### About this exercise
Only a slice of the listing below is wanted. Retype the lines from the one containing "#106=EDGE_CURVE('E315',#103,#105,#101,.T.);" through the one containing "#113=VERTEX_POINT('',#112);", exactly, both ends included.

### Input data
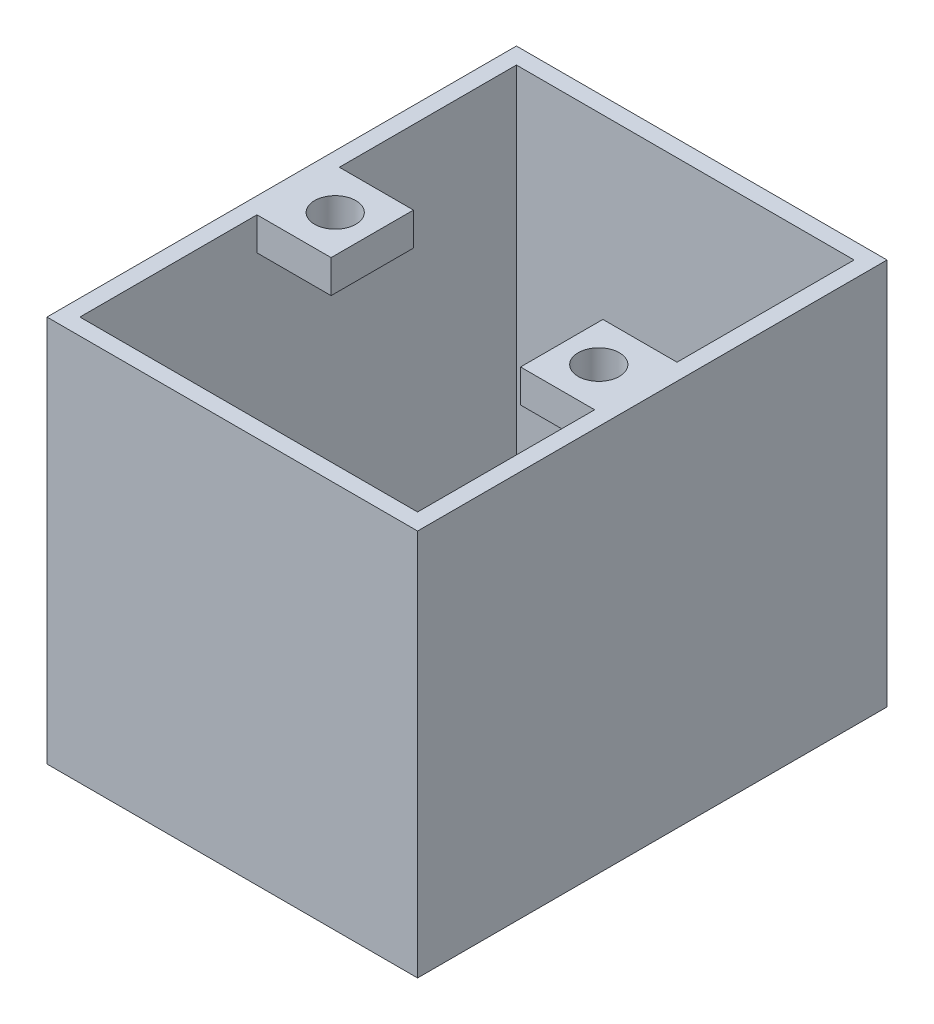
ISO-10303-21;
HEADER;
FILE_DESCRIPTION(('STEP AP214'),'2;1');
FILE_NAME('part.step','',(''),(''),'','','');
FILE_SCHEMA(('AUTOMOTIVE_DESIGN { 1 0 10303 214 1 1 1 1 }'));
ENDSEC;
DATA;
#1=APPLICATION_CONTEXT('core data for automotive mechanical design processes');
#2=APPLICATION_PROTOCOL_DEFINITION('international standard','automotive_design',2000,#1);
#3=PRODUCT_CONTEXT('',#1,'mechanical');
#4=PRODUCT('Part','Part','',(#3));
#5=PRODUCT_RELATED_PRODUCT_CATEGORY('part','',(#4));
#6=PRODUCT_DEFINITION_FORMATION('','',#4);
#7=PRODUCT_DEFINITION_CONTEXT('part definition',#1,'design');
#8=PRODUCT_DEFINITION('design','',#6,#7);
#9=PRODUCT_DEFINITION_SHAPE('','',#8);
#10=(LENGTH_UNIT() NAMED_UNIT(*) SI_UNIT(.MILLI.,.METRE.));
#11=(NAMED_UNIT(*) PLANE_ANGLE_UNIT() SI_UNIT($,.RADIAN.));
#12=(NAMED_UNIT(*) SI_UNIT($,.STERADIAN.) SOLID_ANGLE_UNIT());
#13=UNCERTAINTY_MEASURE_WITH_UNIT(LENGTH_MEASURE(1.E-05),#10,'distance_accuracy_value','');
#14=(GEOMETRIC_REPRESENTATION_CONTEXT(3) GLOBAL_UNCERTAINTY_ASSIGNED_CONTEXT((#13)) GLOBAL_UNIT_ASSIGNED_CONTEXT((#10,
#11,#12)) REPRESENTATION_CONTEXT('',''));
#15=CARTESIAN_POINT('',(0.,0.,0.));
#16=DIRECTION('',(0.,0.,1.));
#17=DIRECTION('',(1.,0.,0.));
#18=AXIS2_PLACEMENT_3D('',#15,#16,#17);
#19=CARTESIAN_POINT('',(0.,2.,0.));
#20=DIRECTION('',(0.,1.,0.));
#21=DIRECTION('',(0.,0.,1.));
#22=AXIS2_PLACEMENT_3D('',#19,#20,#21);
#23=PLANE('',#22);
#24=DIRECTION('',(0.,0.,1.));
#25=VECTOR('',#24,1.);
#26=CARTESIAN_POINT('',(-9.,2.,-48.));
#27=LINE('',#26,#25);
#28=CARTESIAN_POINT('',(-9.,2.,-48.));
#29=VERTEX_POINT('',#28);
#30=CARTESIAN_POINT('',(-9.,2.,5.));
#31=VERTEX_POINT('',#30);
#32=EDGE_CURVE('E236',#29,#31,#27,.T.);
#33=ORIENTED_EDGE('',*,*,#32,.T.);
#34=DIRECTION('',(1.,0.,0.));
#35=VECTOR('',#34,1.);
#36=CARTESIAN_POINT('',(-9.,2.,5.));
#37=LINE('',#36,#35);
#38=CARTESIAN_POINT('',(32.,2.,5.));
#39=VERTEX_POINT('',#38);
#40=EDGE_CURVE('E255',#31,#39,#37,.T.);
#41=ORIENTED_EDGE('',*,*,#40,.T.);
#42=DIRECTION('',(0.,0.,-1.));
#43=VECTOR('',#42,1.);
#44=CARTESIAN_POINT('',(32.,2.,-48.));
#45=LINE('',#44,#43);
#46=CARTESIAN_POINT('',(32.,2.,-48.));
#47=VERTEX_POINT('',#46);
#48=EDGE_CURVE('E257',#39,#47,#45,.T.);
#49=ORIENTED_EDGE('',*,*,#48,.T.);
#50=DIRECTION('',(-1.,0.,0.));
#51=VECTOR('',#50,1.);
#52=CARTESIAN_POINT('',(-9.,2.,-48.));
#53=LINE('',#52,#51);
#54=EDGE_CURVE('E259',#47,#29,#53,.T.);
#55=ORIENTED_EDGE('',*,*,#54,.T.);
#56=EDGE_LOOP('',(#33,#41,#49,#55));
#57=FACE_BOUND('',#56,.T.);
#58=DIRECTION('',(1.,0.,0.));
#59=VECTOR('',#58,1.);
#60=CARTESIAN_POINT('',(0.,2.,0.));
#61=LINE('',#60,#59);
#62=CARTESIAN_POINT('',(0.,2.,0.));
#63=VERTEX_POINT('',#62);
#64=CARTESIAN_POINT('',(23.,2.,0.));
#65=VERTEX_POINT('',#64);
#66=EDGE_CURVE('E287',#63,#65,#61,.T.);
#67=ORIENTED_EDGE('',*,*,#66,.F.);
#68=DIRECTION('',(0.,0.,1.));
#69=VECTOR('',#68,1.);
#70=CARTESIAN_POINT('',(0.,2.,0.));
#71=LINE('',#70,#69);
#72=CARTESIAN_POINT('',(0.,2.,-43.));
#73=VERTEX_POINT('',#72);
#74=EDGE_CURVE('E285',#73,#63,#71,.T.);
#75=ORIENTED_EDGE('',*,*,#74,.F.);
#76=DIRECTION('',(-1.,0.,0.));
#77=VECTOR('',#76,1.);
#78=CARTESIAN_POINT('',(0.,2.,-43.));
#79=LINE('',#78,#77);
#80=CARTESIAN_POINT('',(23.,2.,-43.));
#81=VERTEX_POINT('',#80);
#82=EDGE_CURVE('E293',#81,#73,#79,.T.);
#83=ORIENTED_EDGE('',*,*,#82,.F.);
#84=DIRECTION('',(0.,0.,-1.));
#85=VECTOR('',#84,1.);
#86=CARTESIAN_POINT('',(23.,2.,0.));
#87=LINE('',#86,#85);
#88=EDGE_CURVE('E290',#65,#81,#87,.T.);
#89=ORIENTED_EDGE('',*,*,#88,.F.);
#90=EDGE_LOOP('',(#67,#75,#83,#89));
#91=FACE_BOUND('',#90,.T.);
#92=ADVANCED_FACE('F33',(#57,#91),#23,.T.);
#93=CARTESIAN_POINT('',(0.,0.,0.));
#94=DIRECTION('',(0.,1.,0.));
#95=DIRECTION('',(0.,0.,1.));
#96=AXIS2_PLACEMENT_3D('',#93,#94,#95);
#97=PLANE('',#96);
#98=DIRECTION('',(0.,0.,1.));
#99=VECTOR('',#98,1.);
#100=CARTESIAN_POINT('',(-11.,0.,-50.));
#101=LINE('',#100,#99);
#102=CARTESIAN_POINT('',(-11.,0.,-50.));
#103=VERTEX_POINT('',#102);
#104=CARTESIAN_POINT('',(-11.,0.,7.));
#105=VERTEX_POINT('',#104);
#106=EDGE_CURVE('E315',#103,#105,#101,.T.);
#107=ORIENTED_EDGE('',*,*,#106,.F.);
#108=DIRECTION('',(-1.,0.,0.));
#109=VECTOR('',#108,1.);
#110=CARTESIAN_POINT('',(-11.,0.,-50.));
#111=LINE('',#110,#109);
#112=CARTESIAN_POINT('',(34.,0.,-50.));
#113=VERTEX_POINT('',#112);
#114=EDGE_CURVE('E322',#113,#103,#111,.T.);
#115=ORIENTED_EDGE('',*,*,#114,.F.);
#116=DIRECTION('',(0.,0.,-1.));
#117=VECTOR('',#116,1.);
#118=CARTESIAN_POINT('',(34.,0.,-50.));
#119=LINE('',#118,#117);
#120=CARTESIAN_POINT('',(34.,0.,7.));
#121=VERTEX_POINT('',#120);
#122=EDGE_CURVE('E320',#121,#113,#119,.T.);
#123=ORIENTED_EDGE('',*,*,#122,.F.);
#124=DIRECTION('',(1.,0.,0.));
#125=VECTOR('',#124,1.);
#126=CARTESIAN_POINT('',(-11.,0.,7.));
#127=LINE('',#126,#125);
#128=EDGE_CURVE('E318',#105,#121,#127,.T.);
#129=ORIENTED_EDGE('',*,*,#128,.F.);
#130=EDGE_LOOP('',(#107,#115,#123,#129));
#131=FACE_BOUND('',#130,.T.);
#132=DIRECTION('',(0.,0.,1.));
#133=VECTOR('',#132,1.);
#134=CARTESIAN_POINT('',(0.,0.,0.));
#135=LINE('',#134,#133);
#136=CARTESIAN_POINT('',(0.,0.,-43.));
#137=VERTEX_POINT('',#136);
#138=CARTESIAN_POINT('',(0.,0.,0.));
#139=VERTEX_POINT('',#138);
#140=EDGE_CURVE('E284',#137,#139,#135,.T.);
#141=ORIENTED_EDGE('',*,*,#140,.T.);
#142=DIRECTION('',(1.,0.,0.));
#143=VECTOR('',#142,1.);
#144=CARTESIAN_POINT('',(0.,0.,0.));
#145=LINE('',#144,#143);
#146=CARTESIAN_POINT('',(23.,0.,0.));
#147=VERTEX_POINT('',#146);
#148=EDGE_CURVE('E298',#139,#147,#145,.T.);
#149=ORIENTED_EDGE('',*,*,#148,.T.);
#150=DIRECTION('',(0.,0.,-1.));
#151=VECTOR('',#150,1.);
#152=CARTESIAN_POINT('',(23.,0.,0.));
#153=LINE('',#152,#151);
#154=CARTESIAN_POINT('',(23.,0.,-43.));
#155=VERTEX_POINT('',#154);
#156=EDGE_CURVE('E301',#147,#155,#153,.T.);
#157=ORIENTED_EDGE('',*,*,#156,.T.);
#158=DIRECTION('',(-1.,0.,0.));
#159=VECTOR('',#158,1.);
#160=CARTESIAN_POINT('',(0.,0.,-43.));
#161=LINE('',#160,#159);
#162=EDGE_CURVE('E288',#155,#137,#161,.T.);
#163=ORIENTED_EDGE('',*,*,#162,.T.);
#164=EDGE_LOOP('',(#141,#149,#157,#163));
#165=FACE_BOUND('',#164,.T.);
#166=ADVANCED_FACE('F339',(#131,#165),#97,.F.);
#167=CARTESIAN_POINT('',(-11.,2.,-50.));
#168=DIRECTION('',(1.,0.,0.));
#169=DIRECTION('',(0.,0.,-1.));
#170=AXIS2_PLACEMENT_3D('',#167,#168,#169);
#171=PLANE('',#170);
#172=ORIENTED_EDGE('',*,*,#106,.T.);
#173=DIRECTION('',(0.,-1.,0.));
#174=VECTOR('',#173,1.);
#175=CARTESIAN_POINT('',(-11.,2.,7.));
#176=LINE('',#175,#174);
#177=CARTESIAN_POINT('',(-11.,47.,7.));
#178=VERTEX_POINT('',#177);
#179=EDGE_CURVE('E11',#178,#105,#176,.T.);
#180=ORIENTED_EDGE('',*,*,#179,.F.);
#181=DIRECTION('',(0.,0.,1.));
#182=VECTOR('',#181,1.);
#183=CARTESIAN_POINT('',(-11.,47.,-50.));
#184=LINE('',#183,#182);
#185=CARTESIAN_POINT('',(-11.,47.,-50.));
#186=VERTEX_POINT('',#185);
#187=EDGE_CURVE('E272',#186,#178,#184,.T.);
#188=ORIENTED_EDGE('',*,*,#187,.F.);
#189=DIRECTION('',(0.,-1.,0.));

### Answer section
#106=EDGE_CURVE('E315',#103,#105,#101,.T.);
#107=ORIENTED_EDGE('',*,*,#106,.F.);
#108=DIRECTION('',(-1.,0.,0.));
#109=VECTOR('',#108,1.);
#110=CARTESIAN_POINT('',(-11.,0.,-50.));
#111=LINE('',#110,#109);
#112=CARTESIAN_POINT('',(34.,0.,-50.));
#113=VERTEX_POINT('',#112);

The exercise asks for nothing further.